Despite the main body of his work spanning just two clients, Daniel Gil is considered to one one of Spain's foremost graphic designers. Here Emilio Gil (no relation) introduces his graphic design hero.
Daniel Gil is one of those design figures who is capable of influencing professional vocations. In my case, whenever I attempted to respond to the question of why I chose to devote myself to graphic design, his figure always appears. He influenced my youth as a result of both his talent and the extraordinary impact of his work on the Spanish design scene in the 1960s.
Daniel Gil is one of the fundamental figures of Spanish graphic design although, paradoxically, he was a designer who worked almost exclusively for two clients throughout his professional career: the Hispavox record label and the Alianza publishing house. When, at the end of the 1970s, Daniel Gil left his position as art director and designer of Alianza's covers, he only produced relatively few pieces of work, these were for clients such as the Thyssen Bornemisza Museum in Madrid and the Lower House of the Spanish Parliament.
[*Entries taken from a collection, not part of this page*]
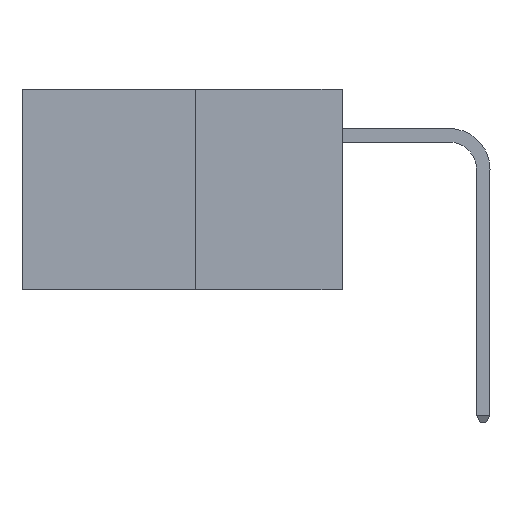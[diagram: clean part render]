
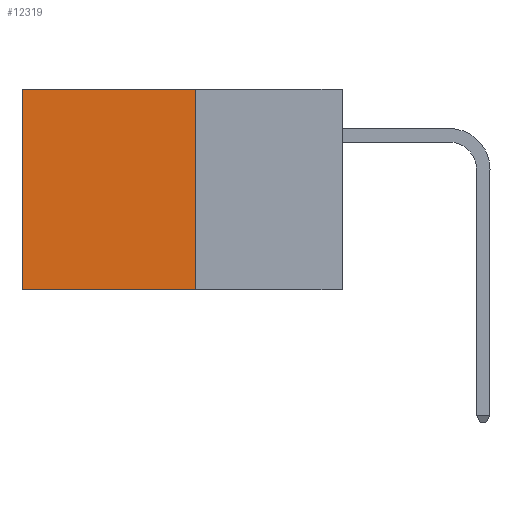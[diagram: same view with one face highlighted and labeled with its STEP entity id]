
A CAD part, left-side view. The second image highlights one B-rep face of the part: STEP entity #12319.
In plain terms, the highlighted planar face has unit normal (-1, 0, 0).
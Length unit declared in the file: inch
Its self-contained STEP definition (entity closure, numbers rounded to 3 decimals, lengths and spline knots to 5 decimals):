
#59 = CARTESIAN_POINT ( 'NONE',  ( 0.277, 0.27, 0. ) ) ;
#1008 = CARTESIAN_POINT ( 'NONE',  ( 0.277, 0.59, -0.37 ) ) ;
#1255 = EDGE_CURVE ( 'NONE', #16970, #3601, #18277, .T. ) ;
#1590 = FACE_OUTER_BOUND ( 'NONE', #7270, .T. ) ;
#1789 = ORIENTED_EDGE ( 'NONE', *, *, #1255, .F. ) ;
#2624 = DIRECTION ( 'NONE',  ( 0., 0., -1. ) ) ;
#2751 = CARTESIAN_POINT ( 'NONE',  ( 0.277, 0.59, 0. ) ) ;
#3601 = VERTEX_POINT ( 'NONE', #12813 ) ;
#3771 = VECTOR ( 'NONE', #2624, 39.37008 ) ;
#3939 = CARTESIAN_POINT ( 'NONE',  ( 0.277, 0.27, 0. ) ) ;
#4544 = EDGE_CURVE ( 'NONE', #3601, #15266, #8808, .T. ) ;
#4585 = VECTOR ( 'NONE', #19982, 39.37008 ) ;
#6082 = AXIS2_PLACEMENT_3D ( 'NONE', #6675, #19504, #9883 ) ;
#6189 = ORIENTED_EDGE ( 'NONE', *, *, #8623, .T. ) ;
#6675 = CARTESIAN_POINT ( 'NONE',  ( 0.277, 0.27, -0.37 ) ) ;
#7270 = EDGE_LOOP ( 'NONE', ( #6189, #10563, #1789, #15538 ) ) ;
#7363 = VERTEX_POINT ( 'NONE', #2751 ) ;
#7931 = CARTESIAN_POINT ( 'NONE',  ( 0.277, 0.27, -0.37 ) ) ;
#8623 = EDGE_CURVE ( 'NONE', #7363, #15266, #12771, .T. ) ;
#8808 = LINE ( 'NONE', #7931, #4585 ) ;
#8919 = EDGE_CURVE ( 'NONE', #16970, #7363, #19072, .T. ) ;
#9883 = DIRECTION ( 'NONE',  ( 0., 0., -1. ) ) ;
#10504 = VECTOR ( 'NONE', #11297, 39.37008 ) ;
#10563 = ORIENTED_EDGE ( 'NONE', *, *, #4544, .F. ) ;
#11297 = DIRECTION ( 'NONE',  ( 0., 1., 0. ) ) ;
#12319 = ADVANCED_FACE ( 'NONE', ( #1590 ), #17917, .F. ) ;
#12771 = LINE ( 'NONE', #1008, #3771 ) ;
#12813 = CARTESIAN_POINT ( 'NONE',  ( 0.277, 0.27, -0.37 ) ) ;
#13959 = VECTOR ( 'NONE', #15477, 39.37008 ) ;
#15107 = CARTESIAN_POINT ( 'NONE',  ( 0.277, 0.59, -0.37 ) ) ;
#15266 = VERTEX_POINT ( 'NONE', #15107 ) ;
#15477 = DIRECTION ( 'NONE',  ( 0., 0., -1. ) ) ;
#15538 = ORIENTED_EDGE ( 'NONE', *, *, #8919, .T. ) ;
#15785 = CARTESIAN_POINT ( 'NONE',  ( 0.277, 0.27, -0.37 ) ) ;
#16970 = VERTEX_POINT ( 'NONE', #3939 ) ;
#17917 = PLANE ( 'NONE',  #6082 ) ;
#18277 = LINE ( 'NONE', #15785, #13959 ) ;
#19072 = LINE ( 'NONE', #59, #10504 ) ;
#19504 = DIRECTION ( 'NONE',  ( 1., 0., 0. ) ) ;
#19982 = DIRECTION ( 'NONE',  ( 0., 1., 0. ) ) ;
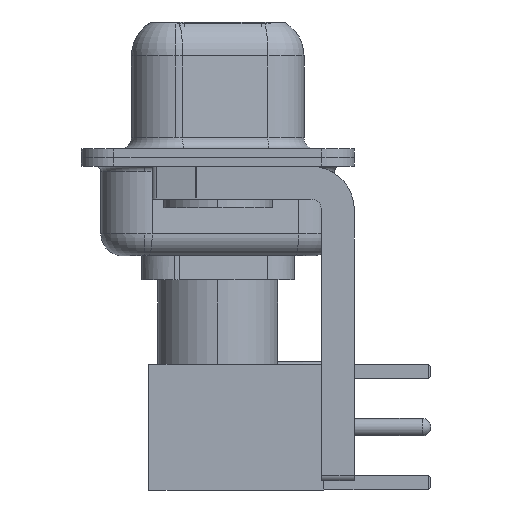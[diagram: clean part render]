
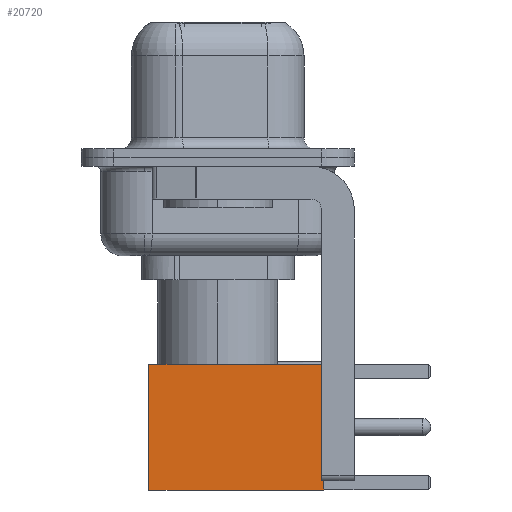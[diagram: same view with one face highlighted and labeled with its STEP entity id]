
A CAD part, left-side view. The second image highlights one B-rep face of the part: STEP entity #20720.
In plain terms, the highlighted face is planar.
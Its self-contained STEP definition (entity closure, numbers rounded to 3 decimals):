
#576 = VECTOR ( 'NONE', #11971, 1000. ) ;
#1009 = DIRECTION ( 'NONE',  ( 0., 1., 0. ) ) ;
#1225 = PLANE ( 'NONE',  #19070 ) ;
#1411 = LINE ( 'NONE', #3400, #20628 ) ;
#2543 = ORIENTED_EDGE ( 'NONE', *, *, #12225, .T. ) ;
#3181 = DIRECTION ( 'NONE',  ( -1., 0., 0. ) ) ;
#3400 = CARTESIAN_POINT ( 'NONE',  ( 0., 2.875, 8. ) ) ;
#3857 = ORIENTED_EDGE ( 'NONE', *, *, #9936, .T. ) ;
#4093 = VECTOR ( 'NONE', #4890, 1000. ) ;
#4795 = EDGE_CURVE ( 'NONE', #20700, #15860, #1411, .T. ) ;
#4890 = DIRECTION ( 'NONE',  ( -1., 0., 0. ) ) ;
#5004 = CARTESIAN_POINT ( 'NONE',  ( 0., 2.875, 0. ) ) ;
#5177 = CARTESIAN_POINT ( 'NONE',  ( 2.875, 2.875, 0. ) ) ;
#5902 = FACE_OUTER_BOUND ( 'NONE', #21696, .T. ) ;
#6987 = CARTESIAN_POINT ( 'NONE',  ( -2.875, 2.875, 0. ) ) ;
#8122 = VERTEX_POINT ( 'NONE', #6987 ) ;
#9770 = LINE ( 'NONE', #16569, #17963 ) ;
#9936 = EDGE_CURVE ( 'NONE', #21074, #8122, #9996, .T. ) ;
#9996 = LINE ( 'NONE', #5004, #4093 ) ;
#10749 = CARTESIAN_POINT ( 'NONE',  ( -2.875, 2.875, 8. ) ) ;
#11131 = CARTESIAN_POINT ( 'NONE',  ( 2.875, 2.875, 0. ) ) ;
#11853 = LINE ( 'NONE', #5177, #576 ) ;
#11971 = DIRECTION ( 'NONE',  ( 0., 0., -1. ) ) ;
#12225 = EDGE_CURVE ( 'NONE', #20700, #21074, #11853, .T. ) ;
#13135 = CARTESIAN_POINT ( 'NONE',  ( 2.875, 2.875, 8. ) ) ;
#14592 = DIRECTION ( 'NONE',  ( 0., 0., 1. ) ) ;
#14824 = ORIENTED_EDGE ( 'NONE', *, *, #4795, .F. ) ;
#15379 = ORIENTED_EDGE ( 'NONE', *, *, #19510, .F. ) ;
#15860 = VERTEX_POINT ( 'NONE', #10749 ) ;
#16569 = CARTESIAN_POINT ( 'NONE',  ( -2.875, 2.875, 0. ) ) ;
#17963 = VECTOR ( 'NONE', #21687, 1000. ) ;
#19070 = AXIS2_PLACEMENT_3D ( 'NONE', #11131, #1009, #14592 ) ;
#19510 = EDGE_CURVE ( 'NONE', #15860, #8122, #9770, .T. ) ;
#20628 = VECTOR ( 'NONE', #3181, 1000. ) ;
#20700 = VERTEX_POINT ( 'NONE', #13135 ) ;
#20720 = ADVANCED_FACE ( 'NONE', ( #5902 ), #1225, .T. ) ;
#21016 = CARTESIAN_POINT ( 'NONE',  ( 2.875, 2.875, 0. ) ) ;
#21074 = VERTEX_POINT ( 'NONE', #21016 ) ;
#21687 = DIRECTION ( 'NONE',  ( 0., 0., -1. ) ) ;
#21696 = EDGE_LOOP ( 'NONE', ( #2543, #3857, #15379, #14824 ) ) ;
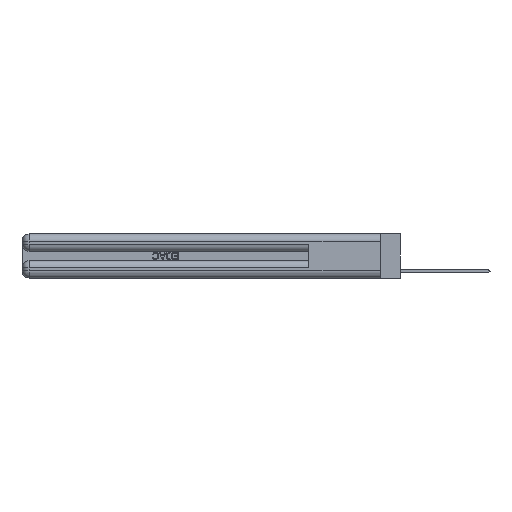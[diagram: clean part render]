
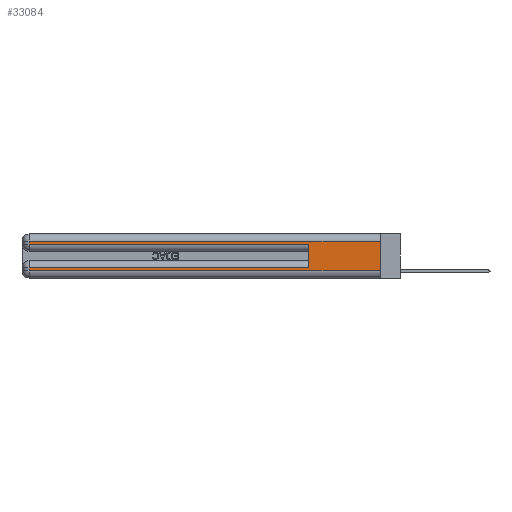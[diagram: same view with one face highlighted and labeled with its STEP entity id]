
A CAD part, left-side view. The second image highlights one B-rep face of the part: STEP entity #33084.
In plain terms, the highlighted planar face has unit normal (-1, 0, 0).
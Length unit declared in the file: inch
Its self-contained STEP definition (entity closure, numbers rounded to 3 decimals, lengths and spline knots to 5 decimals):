
#1556 = ORIENTED_EDGE ( 'NONE', *, *, #26038, .F. ) ;
#2373 = LINE ( 'NONE', #8673, #31458 ) ;
#2632 = EDGE_CURVE ( 'NONE', #11652, #27556, #3364, .T. ) ;
#3050 = CARTESIAN_POINT ( 'NONE',  ( 0., 0., 0.085 ) ) ;
#3364 = LINE ( 'NONE', #5046, #20450 ) ;
#3799 = ORIENTED_EDGE ( 'NONE', *, *, #15596, .T. ) ;
#4103 = VERTEX_POINT ( 'NONE', #10012 ) ;
#4155 = LINE ( 'NONE', #10983, #8443 ) ;
#4786 = FACE_OUTER_BOUND ( 'NONE', #8660, .T. ) ;
#4894 = CARTESIAN_POINT ( 'NONE',  ( 0., 0.6, 0.285 ) ) ;
#5046 = CARTESIAN_POINT ( 'NONE',  ( 0., 0., 0.31 ) ) ;
#5159 = VECTOR ( 'NONE', #5814, 39.37008 ) ;
#5814 = DIRECTION ( 'NONE',  ( 0., -1., 0. ) ) ;
#6896 = CARTESIAN_POINT ( 'NONE',  ( 0., 2.94, 0.31 ) ) ;
#8067 = CARTESIAN_POINT ( 'NONE',  ( 0., 0.6, 0.085 ) ) ;
#8443 = VECTOR ( 'NONE', #14041, 39.37008 ) ;
#8488 = ORIENTED_EDGE ( 'NONE', *, *, #8970, .T. ) ;
#8569 = DIRECTION ( 'NONE',  ( 0., 1., 0. ) ) ;
#8660 = EDGE_LOOP ( 'NONE', ( #1556, #23868, #26313, #11193, #27435, #8488, #10821, #3799 ) ) ;
#8673 = CARTESIAN_POINT ( 'NONE',  ( 0., 0.6, 0.145 ) ) ;
#8970 = EDGE_CURVE ( 'NONE', #34902, #12437, #11162, .T. ) ;
#10012 = CARTESIAN_POINT ( 'NONE',  ( 0., 2.94, 0.06 ) ) ;
#10029 = AXIS2_PLACEMENT_3D ( 'NONE', #24227, #32098, #18478 ) ;
#10821 = ORIENTED_EDGE ( 'NONE', *, *, #18752, .T. ) ;
#10983 = CARTESIAN_POINT ( 'NONE',  ( 0., 0., 0.285 ) ) ;
#10996 = VECTOR ( 'NONE', #35033, 39.37008 ) ;
#11162 = LINE ( 'NONE', #3050, #12852 ) ;
#11193 = ORIENTED_EDGE ( 'NONE', *, *, #29180, .T. ) ;
#11652 = VERTEX_POINT ( 'NONE', #15955 ) ;
#12068 = CARTESIAN_POINT ( 'NONE',  ( 0., 2.94, 0.37 ) ) ;
#12437 = VERTEX_POINT ( 'NONE', #27752 ) ;
#12852 = VECTOR ( 'NONE', #8569, 39.37008 ) ;
#13023 = EDGE_CURVE ( 'NONE', #34902, #23132, #2373, .T. ) ;
#13068 = LINE ( 'NONE', #12068, #14783 ) ;
#14041 = DIRECTION ( 'NONE',  ( 0., -1., 0. ) ) ;
#14783 = VECTOR ( 'NONE', #28939, 39.37008 ) ;
#15596 = EDGE_CURVE ( 'NONE', #4103, #32010, #29110, .T. ) ;
#15698 = PLANE ( 'NONE',  #10029 ) ;
#15826 = DIRECTION ( 'NONE',  ( 0., 0., -1. ) ) ;
#15937 = CARTESIAN_POINT ( 'NONE',  ( 0., 0., 0.37 ) ) ;
#15955 = CARTESIAN_POINT ( 'NONE',  ( 0., 0., 0.31 ) ) ;
#16175 = EDGE_CURVE ( 'NONE', #27556, #30616, #21341, .T. ) ;
#16531 = LINE ( 'NONE', #15937, #10996 ) ;
#18478 = DIRECTION ( 'NONE',  ( 0., 0., -1. ) ) ;
#18752 = EDGE_CURVE ( 'NONE', #12437, #4103, #13068, .T. ) ;
#19228 = DIRECTION ( 'NONE',  ( 0., 1., 0. ) ) ;
#20450 = VECTOR ( 'NONE', #19228, 39.37008 ) ;
#21289 = CARTESIAN_POINT ( 'NONE',  ( 0., 0., 0.06 ) ) ;
#21341 = LINE ( 'NONE', #29367, #33686 ) ;
#22024 = DIRECTION ( 'NONE',  ( 0., 0., 1. ) ) ;
#23132 = VERTEX_POINT ( 'NONE', #4894 ) ;
#23868 = ORIENTED_EDGE ( 'NONE', *, *, #2632, .T. ) ;
#24044 = CARTESIAN_POINT ( 'NONE',  ( 0., 2.94, 0.285 ) ) ;
#24227 = CARTESIAN_POINT ( 'NONE',  ( 0., 0., 0.37 ) ) ;
#26038 = EDGE_CURVE ( 'NONE', #11652, #32010, #16531, .T. ) ;
#26313 = ORIENTED_EDGE ( 'NONE', *, *, #16175, .T. ) ;
#27435 = ORIENTED_EDGE ( 'NONE', *, *, #13023, .F. ) ;
#27556 = VERTEX_POINT ( 'NONE', #6896 ) ;
#27752 = CARTESIAN_POINT ( 'NONE',  ( 0., 2.94, 0.085 ) ) ;
#28939 = DIRECTION ( 'NONE',  ( 0., 0., -1. ) ) ;
#29110 = LINE ( 'NONE', #30163, #5159 ) ;
#29180 = EDGE_CURVE ( 'NONE', #30616, #23132, #4155, .T. ) ;
#29367 = CARTESIAN_POINT ( 'NONE',  ( 0., 2.94, 0.37 ) ) ;
#30163 = CARTESIAN_POINT ( 'NONE',  ( 0., 0., 0.06 ) ) ;
#30616 = VERTEX_POINT ( 'NONE', #24044 ) ;
#31458 = VECTOR ( 'NONE', #22024, 39.37008 ) ;
#32010 = VERTEX_POINT ( 'NONE', #21289 ) ;
#32098 = DIRECTION ( 'NONE',  ( 1., 0., 0. ) ) ;
#33084 = ADVANCED_FACE ( 'NONE', ( #4786 ), #15698, .F. ) ;
#33686 = VECTOR ( 'NONE', #15826, 39.37008 ) ;
#34902 = VERTEX_POINT ( 'NONE', #8067 ) ;
#35033 = DIRECTION ( 'NONE',  ( 0., 0., -1. ) ) ;

Daniel Gil belonged to a generation of designers whose work spread over a number of decades, throughout which the cultural and political conditions in Spain did not make creative work easy. The economic climate was not the most favourable, nor was there a social, industrial or business climate which facilitated the work of designers. Given these circumstances, Daniel Gil takes on even greater importance.
Hispavox was a record label which published recordings made by Spanish pop artists, and marketed international labels such as Pye, Reprise, Atlantic or A&M Records. Daniel Gil’s designs for Hispavox in the 1960s could basically be classified into two groups: adaptations of the corresponding original versions for the Spanish market and new creations for the Spanish label's own productions. In the first case, the most outstanding item is the typographic treatment of the blocks of text in which it is possible to detect from the recurrence of their use some of his preferences: Bodoni Bold, Clarendon and Cooper Brass and Egyptian-style or condensed typographies. Daniel Gil was fortunate enough to work with the best Spanish photographers of the time such as Francisco Ontañón.
The work that Daniel Gil carried out over his twenty-five years with Alianza Editorial was a landmark in Spanish graphic design. Gil was capable of creating one of those rare exceptions in the world of graphics by achieving a visual identity from diversity using a wide repertoire of resources. The covers designed for Alianza by Gil had no uniform typographical treatment; not even in the way that the publisher's logo was composed. In fact there were no fixed elements on the covers at all – everything, including the logo, title and author's name, was up for grabs.
Daniel Gil made use of any resource which allowed him to put forward his own interpretation of the contents of the book. He created exclusively typographical covers, with the 'ready-made' technique, with resources taken from the techniques of graphic arts such as the characteristic halftone of four-colour printing, paper textures, repetition of objects, and variations on human faces or hands.
Despite this lack of fixed rules and the absence of a rigid use of elements, Daniel Gil still managed to achieve an identifiable style for the different collections of Alianza Editorial. This only adds to his reputation as a designer with enormous brilliance.